Under ESC guidelines, the recommended cardiovascular evaluation should consist of complete personal and family history, physical examination with blood pressure measurement, and 12-lead ECG. The inclusion of a 12-lead ECG represents the additional value of this screening protocol and is based on the fact that the ECG offers the potential to detect, or to raise clinical suspicion of, potentially lethal conditions, including hypertrophic cardiomyopathy, arrhythmogenic right ventricular dysplasia, dilated cardiomyopathy, myocarditis, long QT syndrome, Brugada syndrome, Lenègre disease, catecholaminergic ventricular tachycardia, short QT syndrome, and Wolff-Parkinson-White syndrome. Based on published studies from the United States and Italy, these conditions, including hypertrophic cardiomyopathy, account for up to 60% of sudden deaths in young competitive athletes.7,8
The screening of US high school and college athletes, based on medical history and physical examination without ECG, does not adequately identify those cardiovascular abnormalities that increase the athlete’s risk of sudden cardiac death.
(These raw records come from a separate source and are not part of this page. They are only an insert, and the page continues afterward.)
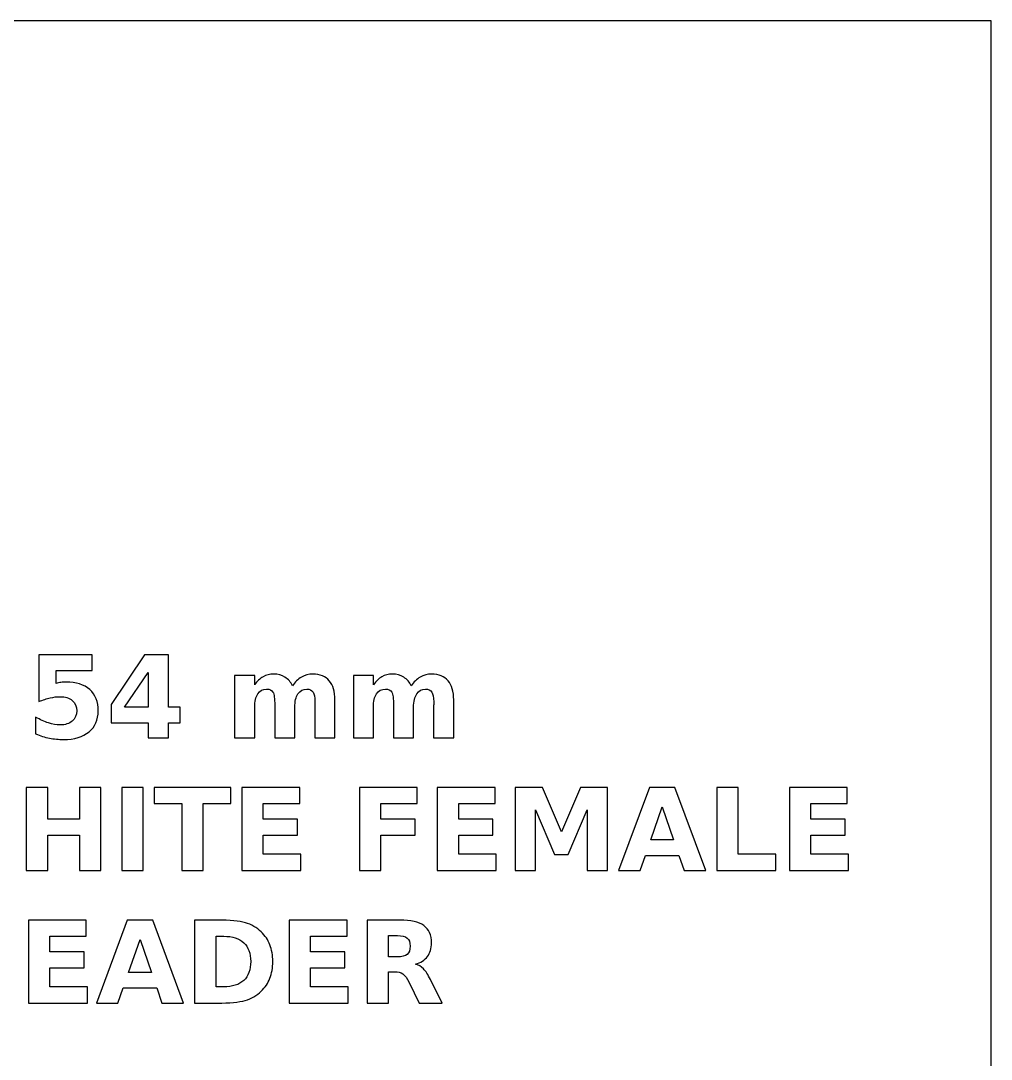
# Model space of a CAD drawing. Header units: centimetres. Extents: x -11.5 to -9.5, y -18.9 to -8.8.
# Drawn here: x -10.701 to -9.5, y -10.136 to -8.85 of the extents above; entities that cross this region are included whole.
import ezdxf

# ---------------------------------------------------------------- set-up
doc = ezdxf.new("R2010")
doc.units = ezdxf.units.CM
doc.header["$MEASUREMENT"] = 0
doc.layers.add('Layer 1', color=7, linetype='Continuous')

msp = doc.modelspace()

# ---------------------------------------------------------------- linework, layer by layer
at = {"layer": 'Layer 1', "color": 7}
msp.add_lwpolyline([(-11.5, -18.85), (-9.5, -18.85), (-9.5, -8.85), (-11.5, -8.85), (-11.5, -18.85)], close=True, dxfattribs=at)
at = {"layer": 'Layer 1', "color": 250}
for points, knots in [([(-10.67894, -9.63535), (-10.67894, -9.63535), (-10.613, -9.63535), (-10.613, -9.63535), (-10.613, -9.63535), (-10.613, -9.63535), (-10.613, -9.65485), (-10.613, -9.65485), (-10.613, -9.65485), (-10.613, -9.65485), (-10.6578, -9.65485), (-10.6578, -9.65485), (-10.6578, -9.65485), (-10.6578, -9.65485), (-10.6578, -9.67077), (-10.6578, -9.67077), (-10.6578, -9.67077), (-10.65578, -9.67023), (-10.65375, -9.66981), (-10.65171, -9.6695), (-10.65171, -9.6695), (-10.64966, -9.66919), (-10.64752, -9.66905), (-10.64533, -9.66905), (-10.64533, -9.66905), (-10.63278, -9.66905), (-10.62302, -9.67218), (-10.61603, -9.67846), (-10.61603, -9.67846), (-10.60905, -9.68472), (-10.60557, -9.69346), (-10.60557, -9.70466), (-10.60557, -9.70466), (-10.60557, -9.71578), (-10.60938, -9.72449), (-10.61697, -9.73079), (-10.61697, -9.73079), (-10.62457, -9.73707), (-10.63513, -9.74022), (-10.64863, -9.74022), (-10.64863, -9.74022), (-10.65446, -9.74022), (-10.66025, -9.73965), (-10.66596, -9.73853), (-10.66596, -9.73853), (-10.67168, -9.7374), (-10.67737, -9.7357), (-10.68301, -9.7334), (-10.68301, -9.7334), (-10.68301, -9.7334), (-10.68301, -9.71251), (-10.68301, -9.71251), (-10.68301, -9.71251), (-10.67741, -9.71574), (-10.6721, -9.71814), (-10.66707, -9.71973), (-10.66707, -9.71973), (-10.66203, -9.72136), (-10.65728, -9.72216), (-10.65284, -9.72216), (-10.65284, -9.72216), (-10.64639, -9.72216), (-10.64134, -9.72058), (-10.63764, -9.71743), (-10.63764, -9.71743), (-10.63395, -9.7143), (-10.63209, -9.71005), (-10.63209, -9.70466), (-10.63209, -9.70466), (-10.63209, -9.69925), (-10.63395, -9.69499), (-10.63764, -9.69187), (-10.63764, -9.69187), (-10.64134, -9.68874), (-10.64639, -9.68719), (-10.65284, -9.68719), (-10.65284, -9.68719), (-10.65665, -9.68719), (-10.66072, -9.68768), (-10.66502, -9.68867), (-10.66502, -9.68867), (-10.66935, -9.68965), (-10.67398, -9.69118), (-10.67894, -9.69325), (-10.67894, -9.69325), (-10.67894, -9.69325), (-10.67894, -9.63535), (-10.67894, -9.63535)], [0, 0, 0, 0, 0.0454545, 0.0454545, 0.0454545, 0.0454545, 0.0909091, 0.0909091, 0.0909091, 0.0909091, 0.1363636, 0.1363636, 0.1363636, 0.1363636, 0.1818182, 0.1818182, 0.1818182, 0.1818182, 0.2272727, 0.2272727, 0.2272727, 0.2272727, 0.2727273, 0.2727273, 0.2727273, 0.2727273, 0.3181818, 0.3181818, 0.3181818, 0.3181818, 0.3636364, 0.3636364, 0.3636364, 0.3636364, 0.4090909, 0.4090909, 0.4090909, 0.4090909, 0.4545455, 0.4545455, 0.4545455, 0.4545455, 0.5, 0.5, 0.5, 0.5, 0.5454545, 0.5454545, 0.5454545, 0.5454545, 0.5909091, 0.5909091, 0.5909091, 0.5909091, 0.6363636, 0.6363636, 0.6363636, 0.6363636, 0.6818182, 0.6818182, 0.6818182, 0.6818182, 0.7272727, 0.7272727, 0.7272727, 0.7272727, 0.7727273, 0.7727273, 0.7727273, 0.7727273, 0.8181818, 0.8181818, 0.8181818, 0.8181818, 0.8636364, 0.8636364, 0.8636364, 0.8636364, 0.9090909, 0.9090909, 0.9090909, 0.9090909, 0.9545455, 0.9545455, 0.9545455, 0.9545455, 1, 1, 1, 1]), ([(-10.54816, -9.63535), (-10.54816, -9.63535), (-10.51866, -9.63535), (-10.51866, -9.63535), (-10.51866, -9.63535), (-10.51866, -9.63535), (-10.51866, -9.70026), (-10.51866, -9.70026), (-10.51866, -9.70026), (-10.51866, -9.70026), (-10.50399, -9.70026), (-10.50399, -9.70026), (-10.50399, -9.70026), (-10.50399, -9.70026), (-10.50399, -9.71948), (-10.50399, -9.71948), (-10.50399, -9.71948), (-10.50399, -9.71948), (-10.51866, -9.71948), (-10.51866, -9.71948), (-10.51866, -9.71948), (-10.51866, -9.71948), (-10.51866, -9.73822), (-10.51866, -9.73822), (-10.51866, -9.73822), (-10.51866, -9.73822), (-10.54373, -9.73822), (-10.54373, -9.73822), (-10.54373, -9.73822), (-10.54373, -9.73822), (-10.54373, -9.71948), (-10.54373, -9.71948), (-10.54373, -9.71948), (-10.54373, -9.71948), (-10.58936, -9.71948), (-10.58936, -9.71948), (-10.58936, -9.71948), (-10.58936, -9.71948), (-10.58936, -9.69673), (-10.58936, -9.69673), (-10.58936, -9.69673), (-10.58936, -9.69673), (-10.54816, -9.63535), (-10.54816, -9.63535)], [0, 0, 0, 0, 0.0909091, 0.0909091, 0.0909091, 0.0909091, 0.1818182, 0.1818182, 0.1818182, 0.1818182, 0.2727273, 0.2727273, 0.2727273, 0.2727273, 0.3636364, 0.3636364, 0.3636364, 0.3636364, 0.4545455, 0.4545455, 0.4545455, 0.4545455, 0.5454545, 0.5454545, 0.5454545, 0.5454545, 0.6363636, 0.6363636, 0.6363636, 0.6363636, 0.7272727, 0.7272727, 0.7272727, 0.7272727, 0.8181818, 0.8181818, 0.8181818, 0.8181818, 0.9090909, 0.9090909, 0.9090909, 0.9090909, 1, 1, 1, 1]), ([(-10.54373, -9.6572), (-10.54373, -9.6572), (-10.57283, -9.70026), (-10.57283, -9.70026), (-10.57283, -9.70026), (-10.57283, -9.70026), (-10.54373, -9.70026), (-10.54373, -9.70026), (-10.54373, -9.70026), (-10.54373, -9.70026), (-10.54373, -9.6572), (-10.54373, -9.6572)], [0, 0, 0, 0, 0.3333333, 0.3333333, 0.3333333, 0.3333333, 0.6666667, 0.6666667, 0.6666667, 0.6666667, 1, 1, 1, 1]), ([(-10.36502, -9.67387), (-10.36189, -9.6691), (-10.3582, -9.66545), (-10.35389, -9.66296), (-10.35389, -9.66296), (-10.34959, -9.66044), (-10.34489, -9.6592), (-10.33974, -9.6592), (-10.33974, -9.6592), (-10.33087, -9.6592), (-10.32412, -9.66193), (-10.31949, -9.66741), (-10.31949, -9.66741), (-10.31485, -9.67286), (-10.31252, -9.68081), (-10.31252, -9.69123), (-10.31252, -9.69123), (-10.31252, -9.69123), (-10.31252, -9.73822), (-10.31252, -9.73822), (-10.31252, -9.73822), (-10.31252, -9.73822), (-10.33734, -9.73822), (-10.33734, -9.73822), (-10.33734, -9.73822), (-10.33734, -9.73822), (-10.33734, -9.69798), (-10.33734, -9.69798), (-10.33734, -9.69798), (-10.33729, -9.69739), (-10.33727, -9.69678), (-10.33724, -9.69612), (-10.33724, -9.69612), (-10.33722, -9.69549), (-10.3372, -9.69457), (-10.3372, -9.69337), (-10.3372, -9.69337), (-10.3372, -9.68791), (-10.33799, -9.68394), (-10.33962, -9.68149), (-10.33962, -9.68149), (-10.34122, -9.67902), (-10.3438, -9.6778), (-10.34738, -9.6778), (-10.34738, -9.6778), (-10.35208, -9.6778), (-10.35568, -9.67973), (-10.35824, -9.68359), (-10.35824, -9.68359), (-10.36078, -9.68744), (-10.3621, -9.69302), (-10.3622, -9.70033), (-10.3622, -9.70033), (-10.3622, -9.70033), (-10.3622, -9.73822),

In 1 retrospective study, only 3% of US-trained athletes who died suddenly of heart disease confirmed on autopsy had been suspected of having cardiovascular abnormalities on the basis of preparticipation screening, and none with hypertrophic cardiomyopathy were previously identified.7 By comparison, the European experience shows that screening is able to identify asymptomatic athletes with hypertrophic cardiomyopathy, and observation of these athletes during long-term follow-up suggests that withdrawal from competition has the potential to improve their survival.8 Analysis of the Italian data shows that fewer than 25% of young competitive athletes diagnosed with hypertrophic cardiomyopathy had an abnormal physical examination or positive family history. Thus, the majority of them would have not been identified by a screening protocol without 12-lead ECG.
The European experience has shown that a systematic preparticipation evaluation including 12-lead ECG can be a practical effective tool to identify patients with hypertrophic cardiomyopathy, the most common cause of sport-related sudden cardiac death. The American Heart Association current consensus panel states that “cardiovascular screening for young competitive athletes is justifiable and compelling on ethical, legal, and medical grounds.”9 The Italian experience suggests that adding ECG to the process used in the United States may improve the current system, which many feel is inadequate.
A dilemma, however, still remains. How do we implement an effective prescreening process that is realistically applicable in the United States, with its large population, ongoing emphasis on cutting health care costs, and an increasingly litigious atmosphere? The main criticism of the European protocol points toward the 9% false-positive rate (in the targeted population, to identify 1 patient, there would be 1999 false positives). The detractors contend that such a system would prevent “normal healthy” individuals from participating in athletics. Many will argue, however, that this is a small price to pay to prevent the untimely death of a young person in the prime of his or her life.